# After Effects Plugin "CC Particle World"?



## Grunge (12. September 2007)

HEy,

bin auf ein englisch sprachiges Tutorial gefunden. Dort wird das Plugin "CC Particle World" verwendet. Ich hab es aber nicht bei After Effects CS3 - obwohl er sagt, dass es bei der CD dabei sein muss. Kann mir jemand weiter helfen?

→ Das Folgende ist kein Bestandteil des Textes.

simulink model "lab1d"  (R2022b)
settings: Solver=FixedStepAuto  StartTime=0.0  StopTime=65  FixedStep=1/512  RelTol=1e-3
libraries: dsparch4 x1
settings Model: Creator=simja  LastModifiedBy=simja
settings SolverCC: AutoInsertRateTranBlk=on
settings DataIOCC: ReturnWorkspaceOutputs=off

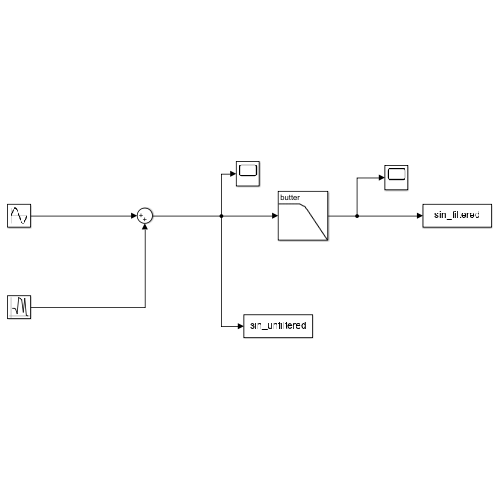
[thumbnail: Simulink's stored preview of the top-level diagram]
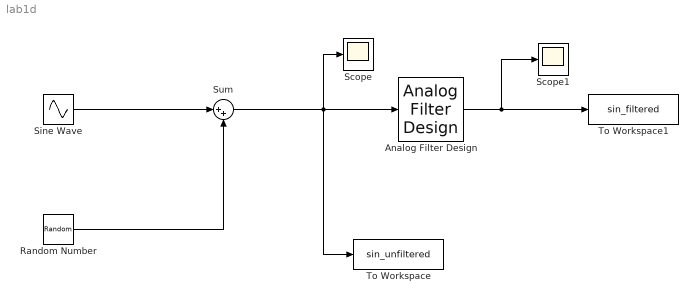
== system lab1d ==
  Analog Filter Design : dsparch4/Analog Filter Design  method=Butterworth  filttype=Lowpass  N=3  Wlo=23*2*pi  Whi=80  Rp=2  Rs=40
  Random Number : RandomNumber  Variance=0.005
  Scope : Scope
  Scope1 : Scope
  Sine Wave : Sin  Amplitude=0.1  Frequency=2*pi*7  SampleTime=0
  Sum : Sum  Inputs=|++
  To Workspace : ToWorkspace  VariableName=sin_unfiltered  SaveFormat=Structure With Time  SampleTime=-1
  To Workspace1 : ToWorkspace  VariableName=sin_filtered  SaveFormat=Structure With Time  SampleTime=-1
  wires:
  Sine Wave/1 -> Sum/1
  Random Number/1 -> Sum/2
  Sum/1 -> To Workspace/1, Analog Filter Design/1, Scope/1
  Analog Filter Design/1 -> To Workspace1/1, Scope1/1

P.S.: Gibts irgendwo kostenlose ANDERE/WEITERE Plugins?


----------



## meta_grafix (12. September 2007)

Moin,

es ist, definitiv, dabei.

Gruß


----------



## Grunge (13. September 2007)

heißt es in der deutschen version anders?!


----------



## bokay (13. September 2007)

Es ist normalerweise unter: Effekte->Simulation zu finden... und heißt genau gleich... 

btw: 





> Bitte achte auf eine korrekte Grammatik und Rechtschreibung (inkl. Groß-/ Kleinschreibung) und eine sinnvolle, klare Fragestellung bzw. Antwort. Mehr dazu findest Du in unserer Netiquette.


----------



## NYCity (14. September 2007)

Hallihallo

Bei After Effects ist ein kostenloser Partikeleffekt dabei der sich Partikelsimulation nennt und man findet ihn unter Effekt->Simulation. Kann aber sein, dass Partikelsimulation nur bei der Pro Version von After Effekt mit dabei ist.
Der Effekt "CC Particle World" ist ein Plugin von der Firma "Cycore FX". Normalerweise war es immer so, dass man diese Plugins nachträglich installieren musste. Schau also noch mal genau auf der DVD nach ob du in dort findest.


----------



## LarsPseudo (4. Januar 2010)

Hallo!
Ich wollte dieses Tutorial http://www.videocopilot.net/tutorial/ancient_titles/ nachmachen.
Nun,wenn ich aber Particle Worlds anwenden,ziehe ich den Effekt auf die Ebene,es erscheint auch das Raster, aber nicht diese "gelbe Sonne". Also ich sehe keine Partikel. woran liegt das?


----------



## darkframe (5. Januar 2010)

Hi,

hmm, schwer zu sagen. Eventuell befindest Du Dich auf dem ersten Frame in der Zeitleiste. Ein paar Partikel sollte man da zwar auch schon sehen, aber in dem Tutorial befindet sich der Cursor ja schon bei knapp 2 Sekunden in der Animation. Erst beim Bewegen in der Zeitleiste nach rechts sind richtig viele Partikel zu sehen, weil die ja mit fortschreitender Zeit erst "geboren" werden.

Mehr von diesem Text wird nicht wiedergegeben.